A) Use stride-1 access  
B) Add padding to make it stride-33  
C) Use global memory instead  
D) Reduce the number of threads

In [None]:
print("Quiz Answers")
print("=" * 50)
print()
print("Q1: B) 32 banks")
print("    All modern NVIDIA GPUs (Kepler onwards) have 32 banks.")
print()
print("Q2: C) smem[threadIdx.x * 32]")
print("    All 32 threads access the same bank → 32-way conflict.")
print("    Stride-33 (D) actually has NO conflicts!")
print()
print("Q3: B) Add padding to make it stride-33")
print("    Common pattern: float smem[32][33] instead of [32][32]")
print("    The extra column breaks the bank conflict pattern.")

### Checking for Bank Conflicts with Nsight Compute

```bash
# Profile and check for bank conflicts
ncu --metrics l1tex__data_bank_conflicts_pipe_lsu_mem_shared_op_ld.sum,l1tex__data_bank_conflicts_pipe_lsu_mem_shared_op_st.sum python your_kernel.py
```

These metrics show:
- `..._op_ld.sum`: Bank conflicts on shared memory loads
- `..._op_st.sum`: Bank conflicts on shared memory stores

**Goal:** Both should be 0 for optimal performance.

---
## Summary

### Key Takeaways

1. **Shared memory has 32 banks** (4-byte word granularity)
2. **Bank = (address / 4) % 32**
3. **Bank conflicts serialize access** (up to 32x slowdown)
4. **Stride-32 is worst**, stride-33 is conflict-free
5. **Padding fixes power-of-2 conflicts** (`float smem[N][N+1]`)
6. **Broadcast is free** (all threads same address → no conflict)
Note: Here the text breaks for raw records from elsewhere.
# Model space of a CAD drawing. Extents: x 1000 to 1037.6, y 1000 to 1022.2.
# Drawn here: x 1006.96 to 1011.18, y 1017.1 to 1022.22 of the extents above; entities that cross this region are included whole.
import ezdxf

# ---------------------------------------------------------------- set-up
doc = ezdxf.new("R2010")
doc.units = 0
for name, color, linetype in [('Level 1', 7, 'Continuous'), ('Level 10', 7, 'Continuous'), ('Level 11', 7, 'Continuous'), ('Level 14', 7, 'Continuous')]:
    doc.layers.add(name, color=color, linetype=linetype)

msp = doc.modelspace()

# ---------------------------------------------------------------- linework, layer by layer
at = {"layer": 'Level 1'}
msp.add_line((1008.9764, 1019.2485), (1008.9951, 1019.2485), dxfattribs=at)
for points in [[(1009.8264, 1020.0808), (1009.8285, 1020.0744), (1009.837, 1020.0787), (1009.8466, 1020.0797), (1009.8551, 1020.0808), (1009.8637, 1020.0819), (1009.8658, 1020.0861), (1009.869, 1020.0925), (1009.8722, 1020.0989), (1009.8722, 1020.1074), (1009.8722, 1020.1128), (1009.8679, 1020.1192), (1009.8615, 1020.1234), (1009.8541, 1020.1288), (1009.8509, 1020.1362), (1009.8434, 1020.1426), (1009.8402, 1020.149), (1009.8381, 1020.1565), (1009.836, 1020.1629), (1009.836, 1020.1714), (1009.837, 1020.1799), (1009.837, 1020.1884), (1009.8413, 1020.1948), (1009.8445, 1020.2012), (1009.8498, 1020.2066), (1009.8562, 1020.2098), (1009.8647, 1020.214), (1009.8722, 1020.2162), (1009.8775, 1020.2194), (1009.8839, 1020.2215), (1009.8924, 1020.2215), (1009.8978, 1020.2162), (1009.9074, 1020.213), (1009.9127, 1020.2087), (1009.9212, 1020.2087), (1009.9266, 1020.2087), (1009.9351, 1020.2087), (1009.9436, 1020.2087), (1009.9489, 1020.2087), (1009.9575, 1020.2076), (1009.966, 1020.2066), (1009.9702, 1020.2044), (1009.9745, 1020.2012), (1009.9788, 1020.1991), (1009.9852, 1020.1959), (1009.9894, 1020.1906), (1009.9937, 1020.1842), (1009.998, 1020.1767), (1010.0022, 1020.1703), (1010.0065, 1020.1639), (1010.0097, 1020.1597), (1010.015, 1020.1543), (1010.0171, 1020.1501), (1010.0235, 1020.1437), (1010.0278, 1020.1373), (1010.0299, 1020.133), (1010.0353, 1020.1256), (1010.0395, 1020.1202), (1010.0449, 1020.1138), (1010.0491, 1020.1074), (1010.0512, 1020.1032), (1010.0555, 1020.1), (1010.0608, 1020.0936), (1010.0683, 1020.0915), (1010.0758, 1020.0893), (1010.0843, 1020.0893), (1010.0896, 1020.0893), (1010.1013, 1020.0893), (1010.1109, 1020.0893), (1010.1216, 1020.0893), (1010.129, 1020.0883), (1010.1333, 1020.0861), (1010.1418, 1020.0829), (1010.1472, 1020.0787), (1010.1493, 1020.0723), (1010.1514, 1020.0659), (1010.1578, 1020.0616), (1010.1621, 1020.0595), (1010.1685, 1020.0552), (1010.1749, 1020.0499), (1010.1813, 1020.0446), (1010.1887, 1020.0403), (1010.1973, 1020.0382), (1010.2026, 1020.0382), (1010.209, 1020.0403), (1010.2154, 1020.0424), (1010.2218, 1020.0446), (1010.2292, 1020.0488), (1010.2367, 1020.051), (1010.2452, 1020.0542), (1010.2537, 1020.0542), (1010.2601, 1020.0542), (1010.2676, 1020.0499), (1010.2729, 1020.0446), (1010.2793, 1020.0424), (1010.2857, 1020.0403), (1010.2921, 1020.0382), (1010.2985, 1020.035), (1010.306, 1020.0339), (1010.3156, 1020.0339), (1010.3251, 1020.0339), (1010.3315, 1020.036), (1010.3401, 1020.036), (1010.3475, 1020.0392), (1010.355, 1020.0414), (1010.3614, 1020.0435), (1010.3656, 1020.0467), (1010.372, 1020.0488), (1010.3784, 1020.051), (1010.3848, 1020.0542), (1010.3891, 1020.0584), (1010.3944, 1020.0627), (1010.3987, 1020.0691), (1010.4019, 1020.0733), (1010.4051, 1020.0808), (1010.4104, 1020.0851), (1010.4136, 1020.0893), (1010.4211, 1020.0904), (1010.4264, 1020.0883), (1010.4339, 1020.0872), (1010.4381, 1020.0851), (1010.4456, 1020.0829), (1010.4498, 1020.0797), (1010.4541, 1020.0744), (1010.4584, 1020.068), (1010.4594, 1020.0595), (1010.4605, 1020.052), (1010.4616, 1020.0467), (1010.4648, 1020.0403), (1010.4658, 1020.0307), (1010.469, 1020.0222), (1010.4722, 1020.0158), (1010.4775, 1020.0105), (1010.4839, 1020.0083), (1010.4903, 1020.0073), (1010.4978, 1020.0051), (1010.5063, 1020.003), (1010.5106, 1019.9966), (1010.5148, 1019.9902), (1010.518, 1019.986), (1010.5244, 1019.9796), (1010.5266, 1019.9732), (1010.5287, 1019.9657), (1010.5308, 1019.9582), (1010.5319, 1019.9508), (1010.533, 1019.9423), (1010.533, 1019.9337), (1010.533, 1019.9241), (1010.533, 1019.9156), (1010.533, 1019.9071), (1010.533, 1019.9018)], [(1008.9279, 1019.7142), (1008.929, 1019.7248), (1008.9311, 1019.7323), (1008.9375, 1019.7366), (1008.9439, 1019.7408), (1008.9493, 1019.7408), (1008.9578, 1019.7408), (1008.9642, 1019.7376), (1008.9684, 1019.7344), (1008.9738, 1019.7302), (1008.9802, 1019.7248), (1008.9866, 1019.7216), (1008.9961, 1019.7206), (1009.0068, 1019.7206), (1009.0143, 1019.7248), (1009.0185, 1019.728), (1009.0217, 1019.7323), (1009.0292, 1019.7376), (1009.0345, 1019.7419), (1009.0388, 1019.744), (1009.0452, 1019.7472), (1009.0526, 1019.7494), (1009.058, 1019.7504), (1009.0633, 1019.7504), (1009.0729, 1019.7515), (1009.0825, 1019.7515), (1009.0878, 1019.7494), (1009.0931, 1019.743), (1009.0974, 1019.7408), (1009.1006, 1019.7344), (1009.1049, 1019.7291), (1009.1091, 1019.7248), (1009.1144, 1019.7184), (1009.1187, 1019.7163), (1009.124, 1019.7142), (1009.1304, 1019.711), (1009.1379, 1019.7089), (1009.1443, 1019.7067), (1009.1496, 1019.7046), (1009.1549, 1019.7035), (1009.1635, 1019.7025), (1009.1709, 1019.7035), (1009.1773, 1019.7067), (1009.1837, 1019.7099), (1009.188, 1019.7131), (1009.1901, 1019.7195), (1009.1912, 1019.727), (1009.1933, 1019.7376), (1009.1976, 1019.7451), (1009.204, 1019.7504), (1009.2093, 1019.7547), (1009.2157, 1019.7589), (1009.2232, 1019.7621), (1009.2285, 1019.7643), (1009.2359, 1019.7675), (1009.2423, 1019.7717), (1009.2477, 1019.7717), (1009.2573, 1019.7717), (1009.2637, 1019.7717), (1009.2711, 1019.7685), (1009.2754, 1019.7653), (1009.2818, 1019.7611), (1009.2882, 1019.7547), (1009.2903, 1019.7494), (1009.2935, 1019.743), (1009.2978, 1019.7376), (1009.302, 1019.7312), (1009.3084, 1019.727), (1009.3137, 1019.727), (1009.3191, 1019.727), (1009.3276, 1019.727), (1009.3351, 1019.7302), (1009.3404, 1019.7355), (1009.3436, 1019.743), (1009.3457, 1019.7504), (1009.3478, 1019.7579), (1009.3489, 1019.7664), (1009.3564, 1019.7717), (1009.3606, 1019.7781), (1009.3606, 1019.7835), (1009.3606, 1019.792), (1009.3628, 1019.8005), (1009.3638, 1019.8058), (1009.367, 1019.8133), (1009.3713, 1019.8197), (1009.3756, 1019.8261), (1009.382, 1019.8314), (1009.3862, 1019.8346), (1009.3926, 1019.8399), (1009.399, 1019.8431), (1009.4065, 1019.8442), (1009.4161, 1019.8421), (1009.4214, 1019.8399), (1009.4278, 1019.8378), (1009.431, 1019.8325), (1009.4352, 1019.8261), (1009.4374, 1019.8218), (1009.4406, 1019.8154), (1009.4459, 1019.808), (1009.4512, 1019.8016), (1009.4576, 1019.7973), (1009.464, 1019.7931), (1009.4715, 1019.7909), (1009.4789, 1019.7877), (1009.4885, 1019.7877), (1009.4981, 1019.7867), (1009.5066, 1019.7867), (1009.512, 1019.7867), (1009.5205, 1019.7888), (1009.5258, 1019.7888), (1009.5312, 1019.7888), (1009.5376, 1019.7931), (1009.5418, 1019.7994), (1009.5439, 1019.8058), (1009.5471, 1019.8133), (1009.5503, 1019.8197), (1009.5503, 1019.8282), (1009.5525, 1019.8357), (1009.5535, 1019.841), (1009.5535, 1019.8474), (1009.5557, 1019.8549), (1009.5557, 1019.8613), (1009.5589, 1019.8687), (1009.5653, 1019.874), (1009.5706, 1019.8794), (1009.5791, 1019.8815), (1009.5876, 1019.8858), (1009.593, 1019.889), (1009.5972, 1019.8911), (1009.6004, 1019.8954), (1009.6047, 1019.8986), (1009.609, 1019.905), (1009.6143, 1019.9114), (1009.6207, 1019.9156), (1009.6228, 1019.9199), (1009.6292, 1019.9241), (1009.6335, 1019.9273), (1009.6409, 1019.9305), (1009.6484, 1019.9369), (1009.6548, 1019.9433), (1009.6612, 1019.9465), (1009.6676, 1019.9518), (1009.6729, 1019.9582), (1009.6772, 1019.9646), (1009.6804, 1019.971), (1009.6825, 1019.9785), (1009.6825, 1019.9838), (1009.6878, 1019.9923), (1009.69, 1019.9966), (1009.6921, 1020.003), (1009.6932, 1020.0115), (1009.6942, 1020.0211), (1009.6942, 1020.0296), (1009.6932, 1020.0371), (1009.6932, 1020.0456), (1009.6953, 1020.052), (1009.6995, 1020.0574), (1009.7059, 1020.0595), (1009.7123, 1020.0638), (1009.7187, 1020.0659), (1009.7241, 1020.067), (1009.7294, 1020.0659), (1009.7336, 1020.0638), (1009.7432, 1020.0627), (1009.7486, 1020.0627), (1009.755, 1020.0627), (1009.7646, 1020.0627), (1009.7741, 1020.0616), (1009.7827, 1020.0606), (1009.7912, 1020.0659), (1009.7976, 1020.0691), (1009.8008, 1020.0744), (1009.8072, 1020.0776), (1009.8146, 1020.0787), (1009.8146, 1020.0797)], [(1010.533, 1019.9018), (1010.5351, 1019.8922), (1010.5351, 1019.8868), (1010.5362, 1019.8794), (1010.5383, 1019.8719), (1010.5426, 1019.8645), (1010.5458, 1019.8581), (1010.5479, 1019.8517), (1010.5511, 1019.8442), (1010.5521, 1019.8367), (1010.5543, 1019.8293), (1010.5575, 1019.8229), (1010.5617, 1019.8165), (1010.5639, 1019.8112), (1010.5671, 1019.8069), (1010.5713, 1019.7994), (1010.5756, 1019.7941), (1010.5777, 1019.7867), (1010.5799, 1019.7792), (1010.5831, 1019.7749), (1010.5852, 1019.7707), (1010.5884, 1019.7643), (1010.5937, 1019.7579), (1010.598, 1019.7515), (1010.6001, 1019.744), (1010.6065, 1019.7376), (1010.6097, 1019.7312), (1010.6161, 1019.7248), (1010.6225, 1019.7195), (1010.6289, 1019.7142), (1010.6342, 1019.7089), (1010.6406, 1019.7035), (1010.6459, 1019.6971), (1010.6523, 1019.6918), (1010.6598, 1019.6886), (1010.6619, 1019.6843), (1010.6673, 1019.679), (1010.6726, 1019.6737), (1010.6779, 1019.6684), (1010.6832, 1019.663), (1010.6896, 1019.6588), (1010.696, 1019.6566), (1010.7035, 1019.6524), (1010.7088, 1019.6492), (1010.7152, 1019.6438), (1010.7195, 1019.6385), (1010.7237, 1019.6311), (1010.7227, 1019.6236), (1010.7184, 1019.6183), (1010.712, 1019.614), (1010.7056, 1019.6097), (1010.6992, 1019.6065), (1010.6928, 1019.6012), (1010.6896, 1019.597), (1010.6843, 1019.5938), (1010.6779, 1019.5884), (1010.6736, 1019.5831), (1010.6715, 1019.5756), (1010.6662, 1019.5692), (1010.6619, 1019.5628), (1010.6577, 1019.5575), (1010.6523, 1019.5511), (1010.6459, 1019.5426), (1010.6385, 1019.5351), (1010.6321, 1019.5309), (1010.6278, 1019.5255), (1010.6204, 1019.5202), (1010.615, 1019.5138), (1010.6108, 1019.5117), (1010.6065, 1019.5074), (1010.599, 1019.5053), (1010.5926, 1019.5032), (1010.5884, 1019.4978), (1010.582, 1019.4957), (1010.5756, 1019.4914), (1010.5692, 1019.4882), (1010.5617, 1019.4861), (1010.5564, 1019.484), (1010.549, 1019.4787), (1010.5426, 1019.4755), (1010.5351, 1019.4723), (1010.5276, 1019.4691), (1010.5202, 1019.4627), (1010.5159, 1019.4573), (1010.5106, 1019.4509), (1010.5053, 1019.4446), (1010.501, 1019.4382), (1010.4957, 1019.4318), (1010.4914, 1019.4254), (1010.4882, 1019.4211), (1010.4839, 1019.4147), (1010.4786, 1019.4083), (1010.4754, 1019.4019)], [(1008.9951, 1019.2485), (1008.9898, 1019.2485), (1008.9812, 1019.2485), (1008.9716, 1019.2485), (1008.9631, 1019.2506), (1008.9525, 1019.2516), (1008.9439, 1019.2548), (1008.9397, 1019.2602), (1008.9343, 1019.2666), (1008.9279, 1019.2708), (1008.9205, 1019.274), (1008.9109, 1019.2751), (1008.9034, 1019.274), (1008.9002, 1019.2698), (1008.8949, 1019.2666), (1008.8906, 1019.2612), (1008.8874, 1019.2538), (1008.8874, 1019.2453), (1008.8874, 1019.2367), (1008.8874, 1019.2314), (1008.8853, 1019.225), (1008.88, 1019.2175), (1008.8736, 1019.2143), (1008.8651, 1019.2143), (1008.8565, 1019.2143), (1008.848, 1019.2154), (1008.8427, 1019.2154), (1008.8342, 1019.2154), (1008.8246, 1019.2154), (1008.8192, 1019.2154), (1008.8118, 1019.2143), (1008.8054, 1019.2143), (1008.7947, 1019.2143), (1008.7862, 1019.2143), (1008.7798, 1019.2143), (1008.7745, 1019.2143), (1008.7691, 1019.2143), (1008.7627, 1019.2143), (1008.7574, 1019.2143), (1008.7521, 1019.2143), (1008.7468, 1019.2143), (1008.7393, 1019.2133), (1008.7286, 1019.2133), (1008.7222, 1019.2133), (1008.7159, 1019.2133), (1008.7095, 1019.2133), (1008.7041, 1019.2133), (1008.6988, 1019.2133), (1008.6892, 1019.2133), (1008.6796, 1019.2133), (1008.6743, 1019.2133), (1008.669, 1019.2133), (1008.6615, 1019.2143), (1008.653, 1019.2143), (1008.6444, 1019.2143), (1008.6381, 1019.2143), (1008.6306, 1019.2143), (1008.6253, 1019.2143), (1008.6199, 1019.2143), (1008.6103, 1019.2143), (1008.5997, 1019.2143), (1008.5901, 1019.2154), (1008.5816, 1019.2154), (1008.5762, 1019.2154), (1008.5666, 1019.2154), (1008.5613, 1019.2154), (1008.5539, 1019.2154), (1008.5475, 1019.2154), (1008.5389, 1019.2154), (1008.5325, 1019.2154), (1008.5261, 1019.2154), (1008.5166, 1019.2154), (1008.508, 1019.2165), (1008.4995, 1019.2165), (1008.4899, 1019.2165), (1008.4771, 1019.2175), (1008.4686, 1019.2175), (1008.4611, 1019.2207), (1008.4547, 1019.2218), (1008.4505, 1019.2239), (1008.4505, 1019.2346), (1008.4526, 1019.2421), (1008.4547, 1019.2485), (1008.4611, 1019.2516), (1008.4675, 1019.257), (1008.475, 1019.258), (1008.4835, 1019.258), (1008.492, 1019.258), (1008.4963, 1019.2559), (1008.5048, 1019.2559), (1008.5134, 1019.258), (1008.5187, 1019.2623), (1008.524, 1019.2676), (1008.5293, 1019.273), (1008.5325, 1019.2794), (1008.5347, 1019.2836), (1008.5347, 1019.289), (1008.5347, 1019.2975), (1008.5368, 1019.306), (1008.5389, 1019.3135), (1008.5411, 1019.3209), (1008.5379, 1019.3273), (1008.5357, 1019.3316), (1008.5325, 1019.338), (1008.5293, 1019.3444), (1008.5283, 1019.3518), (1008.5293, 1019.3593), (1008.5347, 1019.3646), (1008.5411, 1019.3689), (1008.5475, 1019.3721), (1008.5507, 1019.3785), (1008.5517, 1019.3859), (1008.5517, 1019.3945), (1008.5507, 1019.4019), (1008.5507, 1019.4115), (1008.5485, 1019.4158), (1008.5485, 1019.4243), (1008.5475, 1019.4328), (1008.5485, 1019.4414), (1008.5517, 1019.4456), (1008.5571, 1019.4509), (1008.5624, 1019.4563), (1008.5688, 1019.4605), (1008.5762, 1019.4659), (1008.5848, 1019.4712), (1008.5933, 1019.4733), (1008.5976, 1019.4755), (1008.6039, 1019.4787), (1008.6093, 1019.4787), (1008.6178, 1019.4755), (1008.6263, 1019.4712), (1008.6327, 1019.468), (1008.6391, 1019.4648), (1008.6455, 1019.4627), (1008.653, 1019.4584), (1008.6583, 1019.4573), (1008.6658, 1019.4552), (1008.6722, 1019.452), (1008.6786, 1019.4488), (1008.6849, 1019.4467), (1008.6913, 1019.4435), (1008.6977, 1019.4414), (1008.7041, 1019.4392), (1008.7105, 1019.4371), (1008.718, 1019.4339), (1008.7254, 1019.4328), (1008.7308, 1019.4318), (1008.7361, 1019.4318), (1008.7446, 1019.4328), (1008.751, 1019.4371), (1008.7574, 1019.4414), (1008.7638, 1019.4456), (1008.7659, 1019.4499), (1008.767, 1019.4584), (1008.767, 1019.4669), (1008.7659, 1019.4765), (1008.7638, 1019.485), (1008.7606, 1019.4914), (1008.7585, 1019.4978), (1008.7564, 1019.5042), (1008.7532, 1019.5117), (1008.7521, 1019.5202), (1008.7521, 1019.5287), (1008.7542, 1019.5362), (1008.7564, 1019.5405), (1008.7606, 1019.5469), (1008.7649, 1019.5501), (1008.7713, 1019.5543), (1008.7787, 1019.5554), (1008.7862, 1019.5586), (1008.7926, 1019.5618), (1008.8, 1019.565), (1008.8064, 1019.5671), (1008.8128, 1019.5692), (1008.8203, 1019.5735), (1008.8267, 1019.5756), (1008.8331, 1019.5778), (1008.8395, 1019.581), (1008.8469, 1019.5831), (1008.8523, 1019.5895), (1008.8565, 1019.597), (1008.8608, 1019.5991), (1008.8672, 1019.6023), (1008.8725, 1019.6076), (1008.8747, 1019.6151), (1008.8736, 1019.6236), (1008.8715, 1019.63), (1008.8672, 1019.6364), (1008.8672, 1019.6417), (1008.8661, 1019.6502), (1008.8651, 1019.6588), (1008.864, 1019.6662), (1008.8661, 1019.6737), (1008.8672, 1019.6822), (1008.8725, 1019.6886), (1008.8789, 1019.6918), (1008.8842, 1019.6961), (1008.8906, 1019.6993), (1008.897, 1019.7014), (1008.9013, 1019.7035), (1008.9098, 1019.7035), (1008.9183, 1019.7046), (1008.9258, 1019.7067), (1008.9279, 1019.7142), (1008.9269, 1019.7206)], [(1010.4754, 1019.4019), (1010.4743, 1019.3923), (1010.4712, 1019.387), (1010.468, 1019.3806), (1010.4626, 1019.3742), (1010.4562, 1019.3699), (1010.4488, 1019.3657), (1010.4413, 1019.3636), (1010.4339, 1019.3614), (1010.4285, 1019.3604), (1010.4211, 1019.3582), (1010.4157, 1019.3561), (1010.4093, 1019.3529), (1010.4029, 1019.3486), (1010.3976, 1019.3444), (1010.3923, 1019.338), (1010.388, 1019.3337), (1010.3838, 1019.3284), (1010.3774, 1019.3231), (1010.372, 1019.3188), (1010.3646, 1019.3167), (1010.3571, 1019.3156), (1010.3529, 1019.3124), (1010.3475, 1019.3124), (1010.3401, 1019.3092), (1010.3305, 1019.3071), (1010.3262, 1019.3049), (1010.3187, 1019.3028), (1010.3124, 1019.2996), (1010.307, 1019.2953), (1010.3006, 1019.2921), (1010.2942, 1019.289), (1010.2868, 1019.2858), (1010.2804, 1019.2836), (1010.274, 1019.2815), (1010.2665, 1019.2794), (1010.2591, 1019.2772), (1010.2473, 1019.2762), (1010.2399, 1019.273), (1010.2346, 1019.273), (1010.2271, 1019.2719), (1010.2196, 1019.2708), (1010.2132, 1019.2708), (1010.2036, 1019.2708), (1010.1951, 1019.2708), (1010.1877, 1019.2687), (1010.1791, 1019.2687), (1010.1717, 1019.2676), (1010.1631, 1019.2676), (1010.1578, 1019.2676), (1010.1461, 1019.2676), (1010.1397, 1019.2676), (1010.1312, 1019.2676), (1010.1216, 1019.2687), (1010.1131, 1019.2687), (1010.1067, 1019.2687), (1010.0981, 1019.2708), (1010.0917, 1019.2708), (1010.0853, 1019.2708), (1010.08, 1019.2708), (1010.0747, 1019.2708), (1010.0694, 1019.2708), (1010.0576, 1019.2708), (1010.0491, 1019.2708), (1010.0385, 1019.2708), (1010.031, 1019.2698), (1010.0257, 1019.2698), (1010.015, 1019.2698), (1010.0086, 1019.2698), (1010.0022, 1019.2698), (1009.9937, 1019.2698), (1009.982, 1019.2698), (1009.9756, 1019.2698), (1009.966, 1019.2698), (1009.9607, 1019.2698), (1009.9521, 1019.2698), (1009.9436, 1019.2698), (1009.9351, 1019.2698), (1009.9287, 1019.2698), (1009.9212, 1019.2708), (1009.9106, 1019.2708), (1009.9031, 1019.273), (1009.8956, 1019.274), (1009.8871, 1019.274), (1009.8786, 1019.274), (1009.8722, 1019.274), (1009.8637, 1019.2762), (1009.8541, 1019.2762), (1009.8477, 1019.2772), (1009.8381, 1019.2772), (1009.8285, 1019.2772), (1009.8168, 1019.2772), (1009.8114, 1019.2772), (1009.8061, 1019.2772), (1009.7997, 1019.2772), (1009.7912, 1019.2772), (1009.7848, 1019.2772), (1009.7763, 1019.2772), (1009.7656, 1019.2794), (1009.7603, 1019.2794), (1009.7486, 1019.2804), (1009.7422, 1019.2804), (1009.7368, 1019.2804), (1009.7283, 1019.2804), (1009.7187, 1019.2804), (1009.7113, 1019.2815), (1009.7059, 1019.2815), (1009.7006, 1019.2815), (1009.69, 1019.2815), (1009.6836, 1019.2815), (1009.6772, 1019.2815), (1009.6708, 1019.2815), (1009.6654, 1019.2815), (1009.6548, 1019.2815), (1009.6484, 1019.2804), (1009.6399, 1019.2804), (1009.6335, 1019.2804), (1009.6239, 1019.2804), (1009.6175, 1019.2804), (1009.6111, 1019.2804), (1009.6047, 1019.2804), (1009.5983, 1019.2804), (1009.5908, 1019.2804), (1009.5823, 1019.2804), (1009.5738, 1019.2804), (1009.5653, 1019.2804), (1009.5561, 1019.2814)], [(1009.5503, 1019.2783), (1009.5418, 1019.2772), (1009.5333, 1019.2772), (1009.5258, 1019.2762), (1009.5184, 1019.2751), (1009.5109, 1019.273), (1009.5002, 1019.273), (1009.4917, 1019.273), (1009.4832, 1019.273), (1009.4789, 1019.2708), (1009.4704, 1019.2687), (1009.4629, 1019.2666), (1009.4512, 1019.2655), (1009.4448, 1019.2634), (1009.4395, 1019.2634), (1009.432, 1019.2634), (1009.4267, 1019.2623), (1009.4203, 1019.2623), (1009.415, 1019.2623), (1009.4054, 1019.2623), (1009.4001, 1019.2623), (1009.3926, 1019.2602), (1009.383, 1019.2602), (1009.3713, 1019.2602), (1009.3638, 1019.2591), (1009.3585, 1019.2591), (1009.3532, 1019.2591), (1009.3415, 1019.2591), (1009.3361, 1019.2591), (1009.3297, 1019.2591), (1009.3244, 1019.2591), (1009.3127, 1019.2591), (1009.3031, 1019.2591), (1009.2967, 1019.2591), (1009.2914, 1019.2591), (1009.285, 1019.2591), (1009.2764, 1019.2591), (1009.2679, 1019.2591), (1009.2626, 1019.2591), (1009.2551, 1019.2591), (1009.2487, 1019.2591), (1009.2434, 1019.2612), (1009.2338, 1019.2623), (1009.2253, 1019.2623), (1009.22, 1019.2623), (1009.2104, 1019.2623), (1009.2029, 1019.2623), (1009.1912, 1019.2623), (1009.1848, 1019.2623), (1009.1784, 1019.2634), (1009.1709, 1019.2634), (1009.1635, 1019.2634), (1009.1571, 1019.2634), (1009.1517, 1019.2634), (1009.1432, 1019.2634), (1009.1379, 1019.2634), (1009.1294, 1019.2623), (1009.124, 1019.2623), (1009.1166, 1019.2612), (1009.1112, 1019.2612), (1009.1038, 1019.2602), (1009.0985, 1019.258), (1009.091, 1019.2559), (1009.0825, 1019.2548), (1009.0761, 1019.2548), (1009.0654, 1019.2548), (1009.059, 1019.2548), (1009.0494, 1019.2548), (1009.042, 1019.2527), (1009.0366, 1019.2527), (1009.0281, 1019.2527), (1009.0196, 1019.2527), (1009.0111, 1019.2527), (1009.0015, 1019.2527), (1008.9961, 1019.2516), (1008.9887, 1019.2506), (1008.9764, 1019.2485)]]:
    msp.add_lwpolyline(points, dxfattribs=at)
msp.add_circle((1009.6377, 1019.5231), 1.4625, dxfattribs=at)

### Conflict-Free Patterns

| Pattern | Bank Access | Conflicts |
|---------|------------|----------|
| `smem[tid]` | Sequential | None |
| `smem[tid * 33]` | All different | None |
| `smem[const]` | Broadcast | None |
| `smem[tid ^ lane]` | XOR shuffle | None |

### Tomorrow: Pipelining

Now that we understand memory access patterns at both global and shared memory levels, we'll learn to **hide latency** by overlapping memory loads with computation.